# 150 Gallon Stocking, need opinions



## BJJBlackbelt (Jan 31, 2013)

Have a FX5 and an AC110 on it. Eventually will run 2x FX5's. I prefer overkill.

Going to try and establish some mosses and Floating plants. Roughly 1.5 hiding spots per fish right now and 40% stocked. But as adults it's closer to 130% but that's 2-3 years down the road.

2x L001 plecos at 4-5"

3x Clown loaches at 3"

2x EBJD'S at 2"

1x Red Severum at 3"

If I'm going to add anything, in my mind it has to be soon so they all grow together to prevent future issues.

As you may have guessed I'm going for a colorful mix of fish.

The only thing I want to add is a single 2.5" Banded Leporinus for the yellow and black colouration.

I use a master test kit to monitor my water quality, I do water changes at 20ppm and never let it go any higher.

Am I asking for trouble? I would be 150% stocked as adults. But only about 45% today. I maintain a tropical community that has been over 300% stocked for over a year without issue.

Looking for honest feedback. 

Be mean. Be brutal. Be honest. I'm a big boy and I can handle it.

Thanks!


----------



## Jackson (Jan 30, 2009)

Plants will be torn up and maybe even eaten by that stock list.

L-001 get huge fast and are poo machines. They are your messiest fish and might drive you mad with their crap.

Clown loaches need to be in groups of 5+ to thrive. 
They'll most likely be the slowest growing fish in there and could end up as a snack if the ebdj decide to eat them once they've grown. 

Instead of looking into another FX5 look at buying a 2260(2) eheim. 
The FX5 holds 5.9l of media and is really not as good a canister as people say. It's built cheap and doesn't really do a great job. 
I hated mine and couldn't wait to switch them out and when I did I was much happier.
The eheim is built well does a great job and holds 18l of media. 
You'll want the extra capacity for bio media once your fish have grown. 
The flow is awesome out if these things I couldn't imagine what my tank would be like with out them.


----------



## BJJBlackbelt (Jan 31, 2013)

2 quick things.

The L001 Plecos are only 4-5" and I've had them for months.
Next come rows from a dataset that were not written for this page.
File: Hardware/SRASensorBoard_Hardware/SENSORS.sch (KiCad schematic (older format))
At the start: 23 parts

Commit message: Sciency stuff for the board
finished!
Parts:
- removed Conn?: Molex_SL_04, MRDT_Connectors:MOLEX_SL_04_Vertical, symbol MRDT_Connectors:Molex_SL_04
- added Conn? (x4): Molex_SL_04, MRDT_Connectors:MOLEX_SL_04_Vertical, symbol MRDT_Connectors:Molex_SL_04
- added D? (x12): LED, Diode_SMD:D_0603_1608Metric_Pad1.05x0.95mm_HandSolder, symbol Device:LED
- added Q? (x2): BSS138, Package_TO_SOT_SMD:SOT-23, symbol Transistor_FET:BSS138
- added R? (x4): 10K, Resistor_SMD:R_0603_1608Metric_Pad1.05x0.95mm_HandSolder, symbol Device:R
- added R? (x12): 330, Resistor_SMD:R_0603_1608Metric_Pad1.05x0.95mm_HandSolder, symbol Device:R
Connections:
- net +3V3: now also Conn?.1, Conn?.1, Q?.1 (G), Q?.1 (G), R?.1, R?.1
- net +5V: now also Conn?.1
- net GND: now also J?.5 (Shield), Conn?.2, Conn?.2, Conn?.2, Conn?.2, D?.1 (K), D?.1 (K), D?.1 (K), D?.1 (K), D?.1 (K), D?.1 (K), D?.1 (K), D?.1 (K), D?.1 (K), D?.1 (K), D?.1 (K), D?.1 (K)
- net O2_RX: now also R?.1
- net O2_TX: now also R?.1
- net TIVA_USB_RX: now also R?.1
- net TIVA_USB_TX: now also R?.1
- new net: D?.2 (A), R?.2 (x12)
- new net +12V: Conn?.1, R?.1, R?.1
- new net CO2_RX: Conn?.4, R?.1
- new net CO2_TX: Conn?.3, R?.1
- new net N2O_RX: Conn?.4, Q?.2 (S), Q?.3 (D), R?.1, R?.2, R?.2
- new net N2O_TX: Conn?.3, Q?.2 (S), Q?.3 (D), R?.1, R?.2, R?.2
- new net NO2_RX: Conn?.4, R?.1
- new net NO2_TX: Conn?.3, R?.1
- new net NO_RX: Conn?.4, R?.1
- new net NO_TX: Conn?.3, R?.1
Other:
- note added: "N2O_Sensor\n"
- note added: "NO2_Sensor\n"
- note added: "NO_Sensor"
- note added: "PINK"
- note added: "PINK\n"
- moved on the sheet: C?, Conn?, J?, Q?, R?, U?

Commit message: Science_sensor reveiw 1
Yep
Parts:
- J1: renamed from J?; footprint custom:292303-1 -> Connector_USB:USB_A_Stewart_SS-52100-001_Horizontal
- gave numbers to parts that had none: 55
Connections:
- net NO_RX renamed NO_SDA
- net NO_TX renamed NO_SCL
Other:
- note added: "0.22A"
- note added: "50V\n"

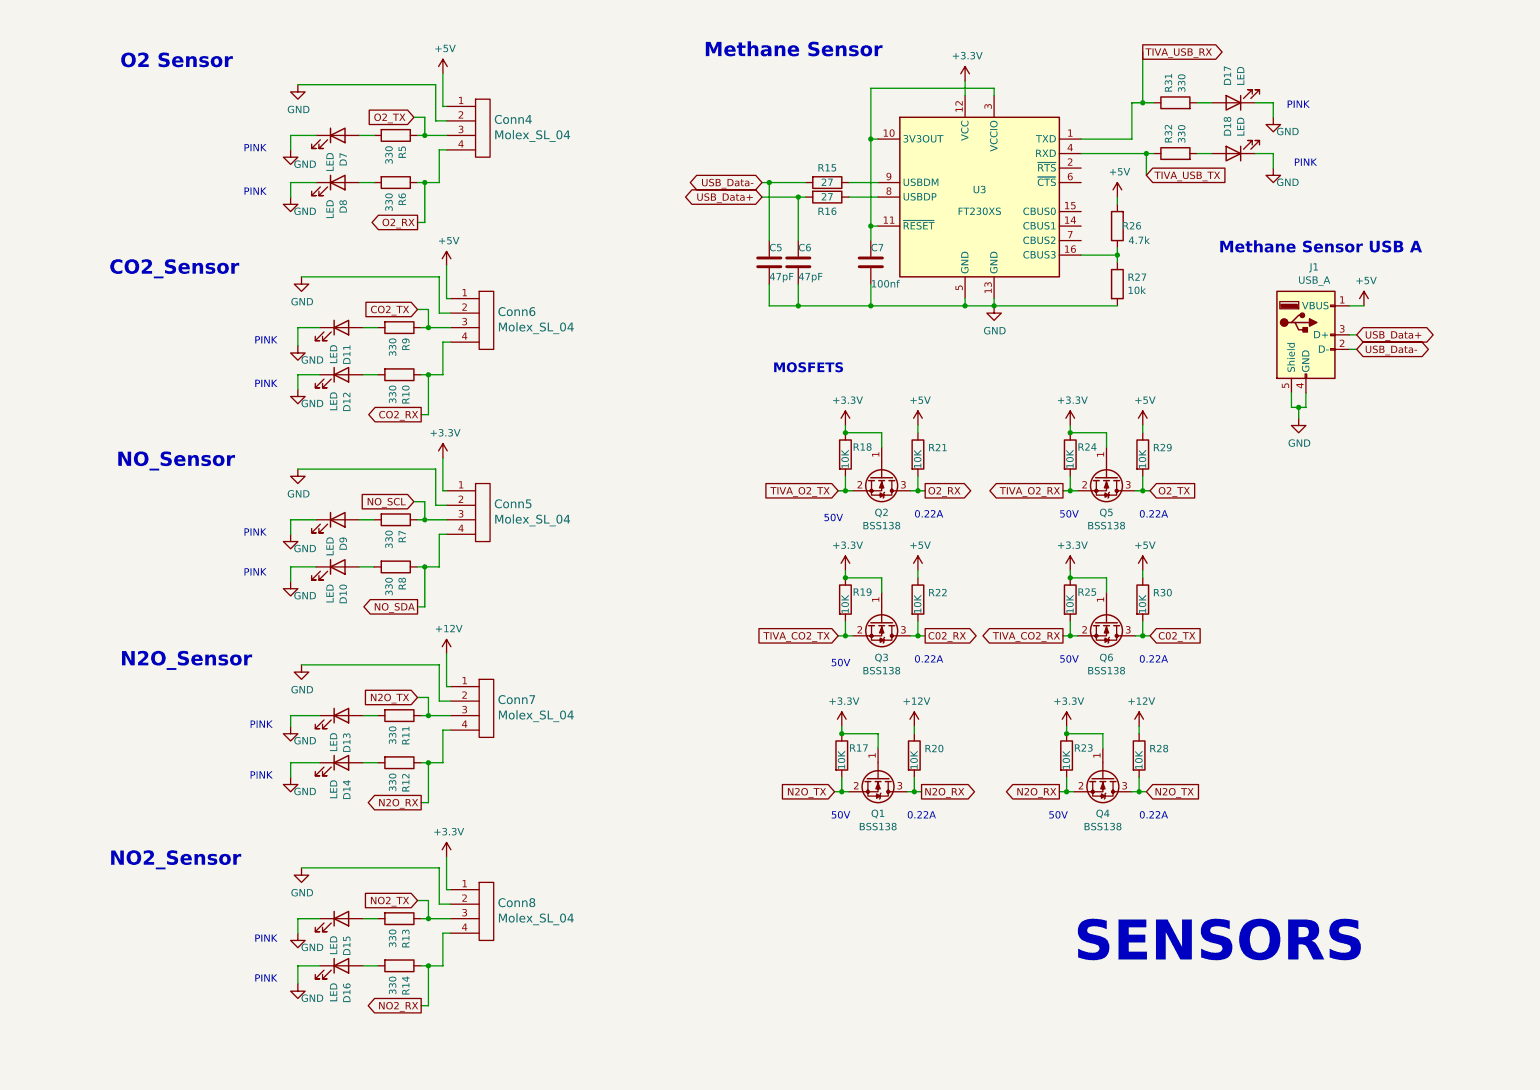
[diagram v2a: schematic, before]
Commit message: Layout started, edge cut fix
ladybug is not pleased
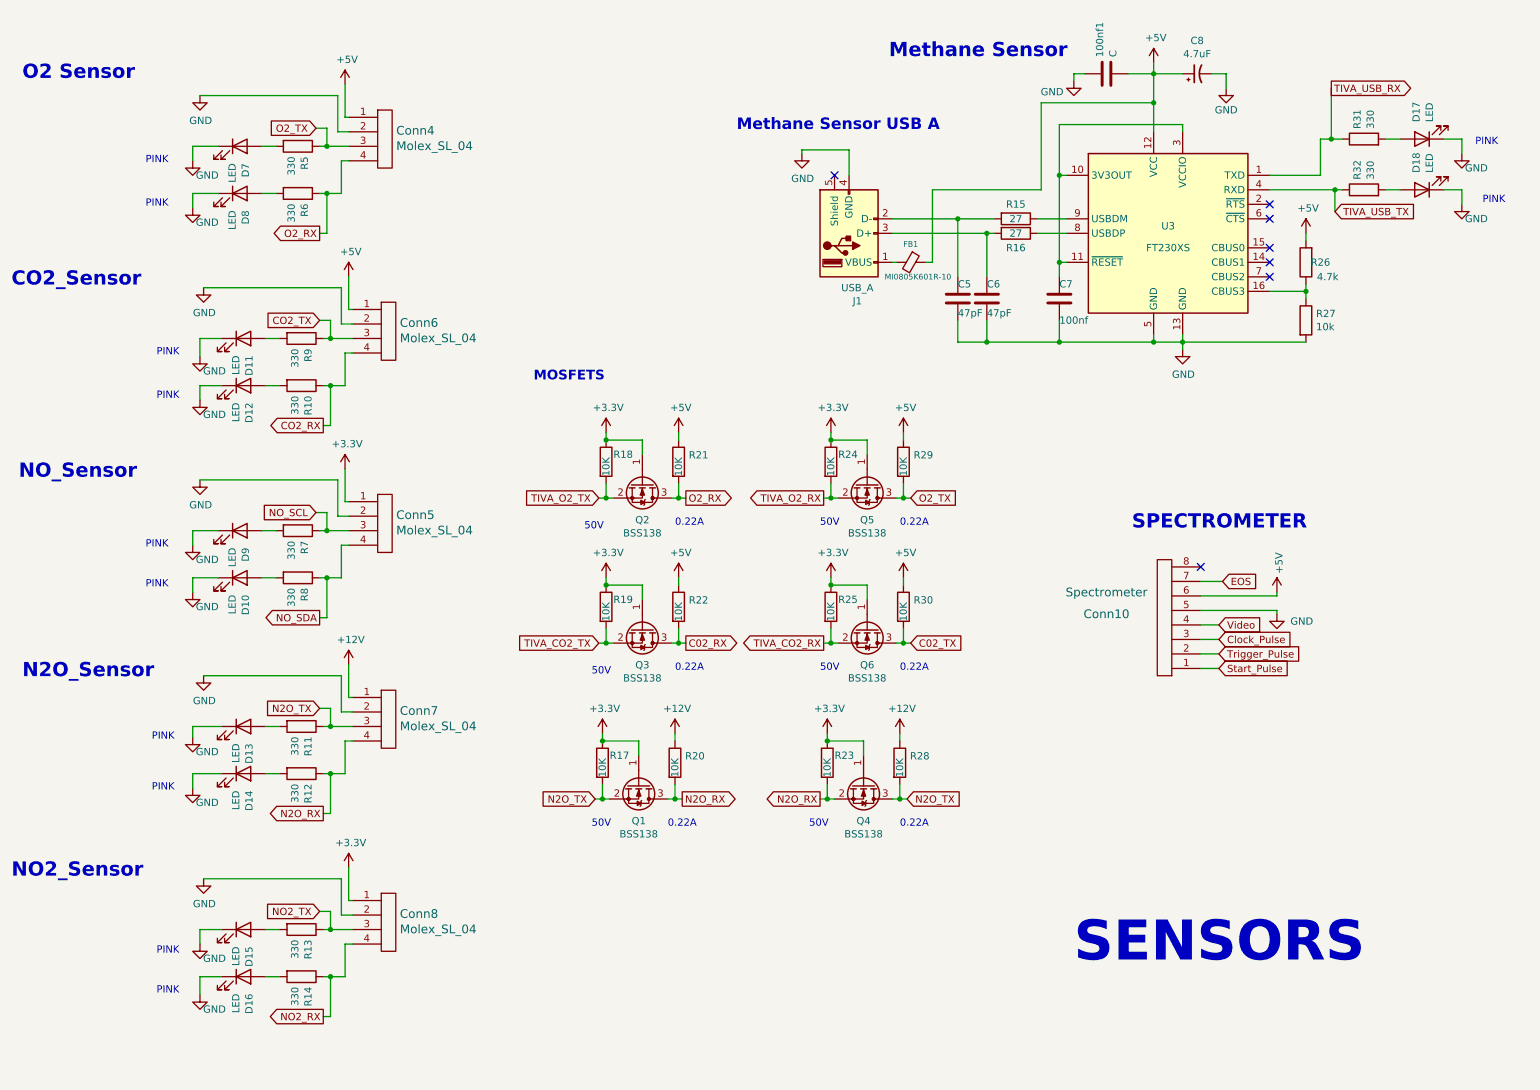
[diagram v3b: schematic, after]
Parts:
- added 100nf1: C, Capacitor_SMD:C_0603_1608Metric_Pad1.05x0.95mm_HandSolder, symbol Device:C
- added C8: 4.7uF, Capacitor_THT:CP_Radial_D12.5mm_P2.50mm, symbol Device:CP1_Small
- added Conn10: Spectrometer, MRDT_Connectors:MOLEX_SL_08_Vertical, symbol MRDT_Connectors:Molex_SL_08
- added FB1: MI0805K601R-10, Resistor_SMD:R_0805_2012Metric_Pad1.15x1.40mm_HandSolder, symbol Device:Ferrite_Bead_Small
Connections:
- net +3V3: no longer U3.12 (VCC)
- net +5V: now also U3.12 (VCC), 100nf1.2, C8.1, Conn10.6, FB1.1; no longer J1.1 (VBUS)
- net GND: now also 100nf1.1, C8.2, Conn10.5; no longer J1.5 (Shield)
- net USB_Data+: no longer names the net of C6.1, J1.3 (D+), R16.2
- net USB_Data-: no longer names the net of C5.1, J1.2 (D-), R15.2
- new net: FB1.2, J1.1 (VBUS)
- new net Clock_Pulse: Conn10.3
- new net EOS: Conn10.7
- new net Start_Pulse: Conn10.1
- new net Trigger_Pulse: Conn10.2
- new net Video: Conn10.4
- no-connect marks 0 -> 7
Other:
- note added: "SPECTROMETER"
- moved on the sheet: C5, C6, C7, Conn4, Conn5, Conn6, Conn7, Conn8, D10, D11, D12, D13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

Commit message: Broad Progress 2-oof
Pre-oops need to add 6 mosfets for spectrometer
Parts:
- C8: footprint Capacitor_THT:CP_Radial_D12.5mm_P2.50mm -> Capacitor_THT:CP_Radial_D12.5mm_P5.00mm
- C9: renamed from 100nf1; value C -> 100nf
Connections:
- net N2O_RX: no longer Q4.2 (S), R23.2
- net N2O_TX: no longer Q1.2 (S), R17.2
- new net TIVA_N2O_RX: Q4.2 (S), R23.2
- new net TIVA_N2O_TX: Q1.2 (S), R17.2
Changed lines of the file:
@@
 $EndComp
 Text GLabel 4850 5850 0    50   Input ~ 0
-N2O_TX
+TIVA_N2O_TX
 Text GLabel 5450 5850 2    50   Output ~ 0
 N2O_RX
@@
 N2O_TX
 Text GLabel 6400 5850 0    50   Output ~ 0
-N2O_RX
+TIVA_N2O_RX
 $Comp
 L Device:LED D?
@@
 $EndComp
 $Comp
-L Device:C 100nf1
+L Device:C C9
 U 1 1 5FDA3C36
 P 8375 850
-F 0 "100nf1" H 8490 896 50  0000 L CNN
-F 1 "C" H 8490 805 50  0000 L CNN
+F 0 "C9" H 8490 896 50  0000 L CNN
+F 1 "100nf" H 8490 805 50  0000 L CNN
 F 2 "Capacitor_SMD:C_0603_1608Metric_Pad1.05x0.95mm_HandSolder" H 8413 700 50  0001 C CNN
 F 3 "~" H 8375 850 50  0001 C CNN
@@
 F 0 "C8" V 9228 850 50  0000 C CNN
 F 1 "4.7uF" V 9137 850 50  0000 C CNN
-F 2 "Capacitor_THT:CP_Radial_D12.5mm_P2.50mm" H 9000 850 50  0001 C CNN
+F 2 "Capacitor_THT:CP_Radial_D12.5mm_P5.00mm" H 9000 850 50  0001 C CNN
 F 3 "~" H 9000 850 50  0001 C CNN
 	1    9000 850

Approx 6 months, so they're somewhere in the 6-8 month old range. I may need to post pics of them to verify the type of plecos. They were labeled as L001 at big als Hamilton. I too have my doubts.

And secondly I'm just debating on the Banded Leporinus. If I do it, I need to do it soon while they're still young, skittish and accepting of new tank mates. I don't want to be adding any tank mates once their juvi's and beyond.


----------



## BJJBlackbelt (Jan 31, 2013)

Bailing on the idea of the Banded Leporinus. 

I think it would work. But I read too much about them eating eyeballs and tearing up bala sharks.

I like my EBJD'S and Severum way too much to risk it. The tank stays as is, just gonna let them grow out. If I add anything, it would be more loaches. But 3 seems to work well.


----------



## Ryan.Wilton (Dec 12, 2012)

I say more than 3 CL's I'd put 5. I don't think you'll need 2 plecos, but hey if you want the excess waste go for it 

No, do not get a leoparanus, I have 1 (it's about 13") pain in my butt. It's killed all sorts of fish, the only thing it's living with peacefully now are my african cichlids. And they're only about 1" each.


----------



## snaggle (Feb 19, 2010)

I would do 3-5 more clowns, 2 or 3 more Sevs, and a nice school of tetras (Red Blue Columbian) and a pair of BM plecos for algae control.

You will find the Sevs destroy plants almost as fast as you can add them.


----------



## pyrrolin (Jan 11, 2012)

A problem I see is the clowns grow slow, some of the others grow fast and may end up eating the clowns as they outgrow them. Be prepared to move the clowns to another tank if the other fish grow too much faster


----------



## BJJBlackbelt (Jan 31, 2013)

snaggle said:


> I would do 3-5 more clowns, 2 or 3 more Sevs, and a nice school of tetras (Red Blue Columbian) and a pair of BM plecos for algae control.
> 
> You will find the Sevs destroy plants almost as fast as you can add them.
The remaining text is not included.